_About this exercise_
Please write out exactly the lines of the data below from the line holding "#141=FACE_BOUND('',#140,.T.);" through the line holding "#170=AXIS2_PLACEMENT_3D('',#167,#168,#169);", and leave out the rest.

Task data Block Start

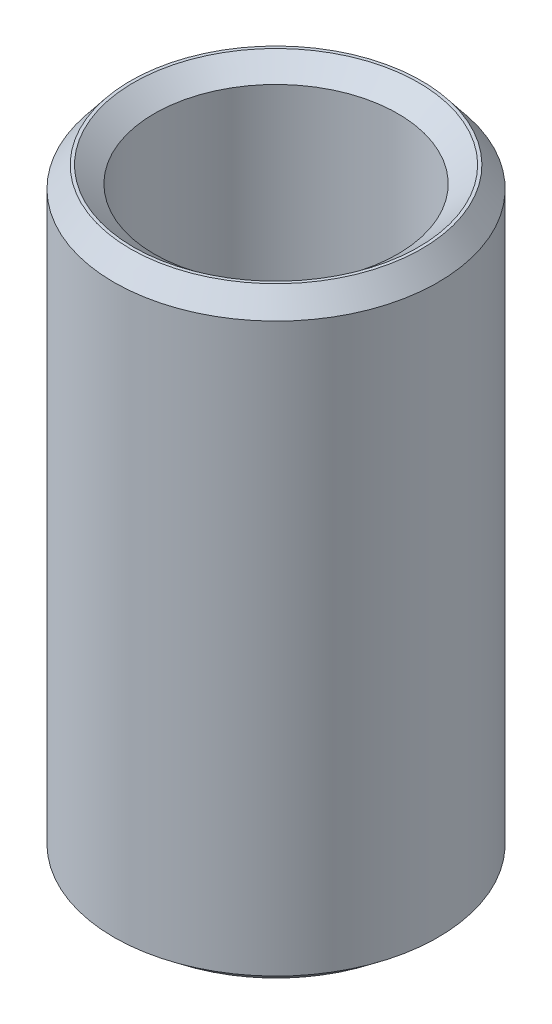
ISO-10303-21;
HEADER;
FILE_DESCRIPTION(('STEP AP214'),'2;1');
FILE_NAME('part.step','',(''),(''),'','','');
FILE_SCHEMA(('AUTOMOTIVE_DESIGN { 1 0 10303 214 1 1 1 1 }'));
ENDSEC;
DATA;
#1=APPLICATION_CONTEXT('core data for automotive mechanical design processes');
#2=APPLICATION_PROTOCOL_DEFINITION('international standard','automotive_design',2000,#1);
#3=PRODUCT_CONTEXT('',#1,'mechanical');
#4=PRODUCT('Part','Part','',(#3));
#5=PRODUCT_RELATED_PRODUCT_CATEGORY('part','',(#4));
#6=PRODUCT_DEFINITION_FORMATION('','',#4);
#7=PRODUCT_DEFINITION_CONTEXT('part definition',#1,'design');
#8=PRODUCT_DEFINITION('design','',#6,#7);
#9=PRODUCT_DEFINITION_SHAPE('','',#8);
#10=(LENGTH_UNIT() NAMED_UNIT(*) SI_UNIT(.MILLI.,.METRE.));
#11=(NAMED_UNIT(*) PLANE_ANGLE_UNIT() SI_UNIT($,.RADIAN.));
#12=(NAMED_UNIT(*) SI_UNIT($,.STERADIAN.) SOLID_ANGLE_UNIT());
#13=UNCERTAINTY_MEASURE_WITH_UNIT(LENGTH_MEASURE(1.E-05),#10,'distance_accuracy_value','');
#14=(GEOMETRIC_REPRESENTATION_CONTEXT(3) GLOBAL_UNCERTAINTY_ASSIGNED_CONTEXT((#13)) GLOBAL_UNIT_ASSIGNED_CONTEXT((#10,
#11,#12)) REPRESENTATION_CONTEXT('',''));
#15=CARTESIAN_POINT('',(0.,0.,0.));
#16=DIRECTION('',(0.,0.,1.));
#17=DIRECTION('',(1.,0.,0.));
#18=AXIS2_PLACEMENT_3D('',#15,#16,#17);
#19=CARTESIAN_POINT('',(0.,93.2746174315587,0.));
#20=DIRECTION('',(0.,-1.,0.));
#21=DIRECTION('',(0.,0.,-1.));
#22=AXIS2_PLACEMENT_3D('',#19,#20,#21);
#23=CYLINDRICAL_SURFACE('',#22,25.);
#24=CARTESIAN_POINT('',(0.,2.53575679207863,0.));
#25=DIRECTION('',(0.,1.,0.));
#26=DIRECTION('',(0.,0.,1.));
#27=AXIS2_PLACEMENT_3D('',#24,#25,#26);
#28=CIRCLE('',#27,25.);
#29=CARTESIAN_POINT('',(0.,2.53575679207863,25.));
#30=VERTEX_POINT('',#29);
#31=EDGE_CURVE('E10',#30,#30,#28,.T.);
#32=ORIENTED_EDGE('',*,*,#31,.T.);
#33=EDGE_LOOP('',(#32));
#34=FACE_BOUND('',#33,.T.);
#35=CARTESIAN_POINT('',(0.,90.0664669730382,0.));
#36=DIRECTION('',(0.,1.,0.));
#37=DIRECTION('',(0.,0.,1.));
#38=AXIS2_PLACEMENT_3D('',#35,#36,#37);
#39=CIRCLE('',#38,25.);
#40=CARTESIAN_POINT('',(0.,90.0664669730382,25.));
#41=VERTEX_POINT('',#40);
#42=EDGE_CURVE('E50',#41,#41,#39,.F.);
#43=ORIENTED_EDGE('',*,*,#42,.T.);
#44=EDGE_LOOP('',(#43));
#45=FACE_BOUND('',#44,.T.);
#46=ADVANCED_FACE('F39',(#34,#45),#23,.T.);
#47=CARTESIAN_POINT('',(0.,93.2746174315587,0.));
#48=DIRECTION('',(0.,1.,0.));
#49=DIRECTION('',(0.,0.,1.));
#50=AXIS2_PLACEMENT_3D('',#47,#48,#49);
#51=PLANE('',#50);
#52=CARTESIAN_POINT('',(0.,93.2746174315587,0.));
#53=DIRECTION('',(0.,1.,0.));
#54=DIRECTION('',(0.,0.,1.));
#55=AXIS2_PLACEMENT_3D('',#52,#53,#54);
#56=CIRCLE('',#55,21.9960968368792);
#57=CARTESIAN_POINT('',(0.,93.2746174315587,21.9960968368792));
#58=VERTEX_POINT('',#57);
#59=EDGE_CURVE('E58',#58,#58,#56,.F.);
#60=ORIENTED_EDGE('',*,*,#59,.T.);
#61=EDGE_LOOP('',(#60));
#62=FACE_BOUND('',#61,.T.);
#63=CARTESIAN_POINT('',(0.,93.2746174315587,0.));
#64=DIRECTION('',(0.,1.,0.));
#65=DIRECTION('',(0.,0.,1.));
#66=AXIS2_PLACEMENT_3D('',#63,#64,#65);
#67=CIRCLE('',#66,22.4642432079214);
#68=CARTESIAN_POINT('',(0.,93.2746174315587,22.4642432079214));
#69=VERTEX_POINT('',#68);
#70=EDGE_CURVE('E61',#69,#69,#67,.T.);
#71=ORIENTED_EDGE('',*,*,#70,.T.);
#72=EDGE_LOOP('',(#71));
#73=FACE_BOUND('',#72,.T.);
#74=ADVANCED_FACE('F88',(#62,#73),#51,.T.);
#75=CARTESIAN_POINT('',(0.,0.,0.));
#76=DIRECTION('',(0.,1.,0.));
#77=DIRECTION('',(0.,0.,1.));
#78=AXIS2_PLACEMENT_3D('',#75,#76,#77);
#79=PLANE('',#78);
#80=CARTESIAN_POINT('',(0.,0.,0.));
#81=DIRECTION('',(0.,1.,0.));
#82=DIRECTION('',(0.,0.,1.));
#83=AXIS2_PLACEMENT_3D('',#80,#81,#82);
#84=CIRCLE('',#83,21.3237031704374);
#85=CARTESIAN_POINT('',(0.,0.,21.3237031704374));
#86=VERTEX_POINT('',#85);
#87=EDGE_CURVE('E51',#86,#86,#84,.T.);
#88=ORIENTED_EDGE('',*,*,#87,.T.);
#89=EDGE_LOOP('',(#88));
#90=FACE_BOUND('',#89,.T.);
#91=CARTESIAN_POINT('',(0.,0.,0.));
#92=DIRECTION('',(0.,1.,0.));
#93=DIRECTION('',(0.,0.,1.));
#94=AXIS2_PLACEMENT_3D('',#91,#92,#93);
#95=CIRCLE('',#94,21.7918495414795);
#96=CARTESIAN_POINT('',(0.,0.,21.7918495414795));
#97=VERTEX_POINT('',#96);
#98=EDGE_CURVE('E54',#97,#97,#95,.F.);
#99=ORIENTED_EDGE('',*,*,#98,.T.);
#100=EDGE_LOOP('',(#99));
#101=FACE_BOUND('',#100,.T.);
#102=ADVANCED_FACE('F83',(#90,#101),#79,.F.);
#103=CARTESIAN_POINT('',(0.,93.2746174315587,0.));
#104=DIRECTION('',(0.,-1.,0.));
#105=DIRECTION('',(0.,0.,-1.));
#106=AXIS2_PLACEMENT_3D('',#103,#104,#105);
#107=CYLINDRICAL_SURFACE('',#106,18.7879463783588);
#108=CARTESIAN_POINT('',(0.,90.7388606394801,0.));
#109=DIRECTION('',(0.,1.,0.));
#110=DIRECTION('',(0.,0.,1.));
#111=AXIS2_PLACEMENT_3D('',#108,#109,#110);
#112=CIRCLE('',#111,18.7879463783588);
#113=CARTESIAN_POINT('',(0.,90.7388606394801,18.7879463783588));
#114=VERTEX_POINT('',#113);
#115=EDGE_CURVE('E67',#114,#114,#112,.T.);
#116=ORIENTED_EDGE('',*,*,#115,.T.);
#117=EDGE_LOOP('',(#116));
#118=FACE_BOUND('',#117,.T.);
#119=CARTESIAN_POINT('',(0.,3.20815045852049,0.));
#120=DIRECTION('',(0.,1.,0.));
#121=DIRECTION('',(0.,0.,1.));
#122=AXIS2_PLACEMENT_3D('',#119,#120,#121);
#123=CIRCLE('',#122,18.7879463783588);
#124=CARTESIAN_POINT('',(0.,3.20815045852049,18.7879463783588));
#125=VERTEX_POINT('',#124);
#126=EDGE_CURVE('E69',#125,#125,#123,.F.);
#127=ORIENTED_EDGE('',*,*,#126,.T.);
#128=EDGE_LOOP('',(#127));
#129=FACE_BOUND('',#128,.T.);
#130=ADVANCED_FACE('F71',(#118,#129),#107,.F.);
#131=CARTESIAN_POINT('',(0.,90.7388606394801,0.));
#132=DIRECTION('',(0.,1.,0.));
#133=DIRECTION('',(0.,0.,1.));
#134=AXIS2_PLACEMENT_3D('',#131,#132,#133);
#135=CONICAL_SURFACE('',#134,18.7879463783588,0.901929865164211);
#136=ORIENTED_EDGE('',*,*,#59,.F.);
#137=EDGE_LOOP('',(#136));
#138=FACE_BOUND('',#137,.T.);
#139=ORIENTED_EDGE('',*,*,#115,.F.);
#140=EDGE_LOOP('',(#139));
#141=FACE_BOUND('',#140,.T.);
#142=ADVANCED_FACE('F77',(#138,#141),#135,.F.);
#143=CARTESIAN_POINT('',(0.,0.,0.));
#144=DIRECTION('',(0.,-1.,0.));
#145=DIRECTION('',(0.,0.,-1.));
#146=AXIS2_PLACEMENT_3D('',#143,#144,#145);
#147=CONICAL_SURFACE('',#146,21.3237031704374,0.668866461630687);
#148=ORIENTED_EDGE('',*,*,#126,.F.);
#149=EDGE_LOOP('',(#148));
#150=FACE_BOUND('',#149,.T.);
#151=ORIENTED_EDGE('',*,*,#87,.F.);
#152=EDGE_LOOP('',(#151));
#153=FACE_BOUND('',#152,.T.);
#154=ADVANCED_FACE('F73',(#150,#153),#147,.F.);
#155=CARTESIAN_POINT('',(0.,2.53575679207863,0.));
#156=DIRECTION('',(0.,1.,0.));
#157=DIRECTION('',(0.,0.,1.));
#158=AXIS2_PLACEMENT_3D('',#155,#156,#157);
#159=CONICAL_SURFACE('',#158,25.,0.901929865164214);
#160=ORIENTED_EDGE('',*,*,#98,.F.);
#161=EDGE_LOOP('',(#160));
#162=FACE_BOUND('',#161,.T.);
#163=ORIENTED_EDGE('',*,*,#31,.F.);
#164=EDGE_LOOP('',(#163));
#165=FACE_BOUND('',#164,.T.);
#166=ADVANCED_FACE('F76',(#162,#165),#159,.T.);
#167=CARTESIAN_POINT('',(0.,93.2746174315587,0.));
#168=DIRECTION('',(0.,-1.,0.));
#169=DIRECTION('',(0.,0.,-1.));
#170=AXIS2_PLACEMENT_3D('',#167,#168,#169);
#171=CONICAL_SURFACE('',#170,22.4642432079214,0.668866461630684);
#172=ORIENTED_EDGE('',*,*,#42,.F.);
#173=EDGE_LOOP('',(#172));
#174=FACE_BOUND('',#173,.T.);
#175=ORIENTED_EDGE('',*,*,#70,.F.);
#176=EDGE_LOOP('',(#175));
#177=FACE_BOUND('',#176,.T.);
#178=ADVANCED_FACE('F45',(#174,#177),#171,.T.);
#179=CLOSED_SHELL('',(#46,#74,#102,#130,#142,#154,#166,#178));
#180=MANIFOLD_SOLID_BREP('B2',#179);
#181=ADVANCED_BREP_SHAPE_REPRESENTATION('',(#18,#180),#14);
#182=SHAPE_DEFINITION_REPRESENTATION(#9,#181);
ENDSEC;
END-ISO-10303-21;

Task data Block End

_Your response_
#141=FACE_BOUND('',#140,.T.);
#142=ADVANCED_FACE('F77',(#138,#141),#135,.F.);
#143=CARTESIAN_POINT('',(0.,0.,0.));
#144=DIRECTION('',(0.,-1.,0.));
#145=DIRECTION('',(0.,0.,-1.));
#146=AXIS2_PLACEMENT_3D('',#143,#144,#145);
#147=CONICAL_SURFACE('',#146,21.3237031704374,0.668866461630687);
#148=ORIENTED_EDGE('',*,*,#126,.F.);
#149=EDGE_LOOP('',(#148));
#150=FACE_BOUND('',#149,.T.);
#151=ORIENTED_EDGE('',*,*,#87,.F.);
#152=EDGE_LOOP('',(#151));
#153=FACE_BOUND('',#152,.T.);
#154=ADVANCED_FACE('F73',(#150,#153),#147,.F.);
#155=CARTESIAN_POINT('',(0.,2.53575679207863,0.));
#156=DIRECTION('',(0.,1.,0.));
#157=DIRECTION('',(0.,0.,1.));
#158=AXIS2_PLACEMENT_3D('',#155,#156,#157);
#159=CONICAL_SURFACE('',#158,25.,0.901929865164214);
#160=ORIENTED_EDGE('',*,*,#98,.F.);
#161=EDGE_LOOP('',(#160));
#162=FACE_BOUND('',#161,.T.);
#163=ORIENTED_EDGE('',*,*,#31,.F.);
#164=EDGE_LOOP('',(#163));
#165=FACE_BOUND('',#164,.T.);
#166=ADVANCED_FACE('F76',(#162,#165),#159,.T.);
#167=CARTESIAN_POINT('',(0.,93.2746174315587,0.));
#168=DIRECTION('',(0.,-1.,0.));
#169=DIRECTION('',(0.,0.,-1.));
#170=AXIS2_PLACEMENT_3D('',#167,#168,#169);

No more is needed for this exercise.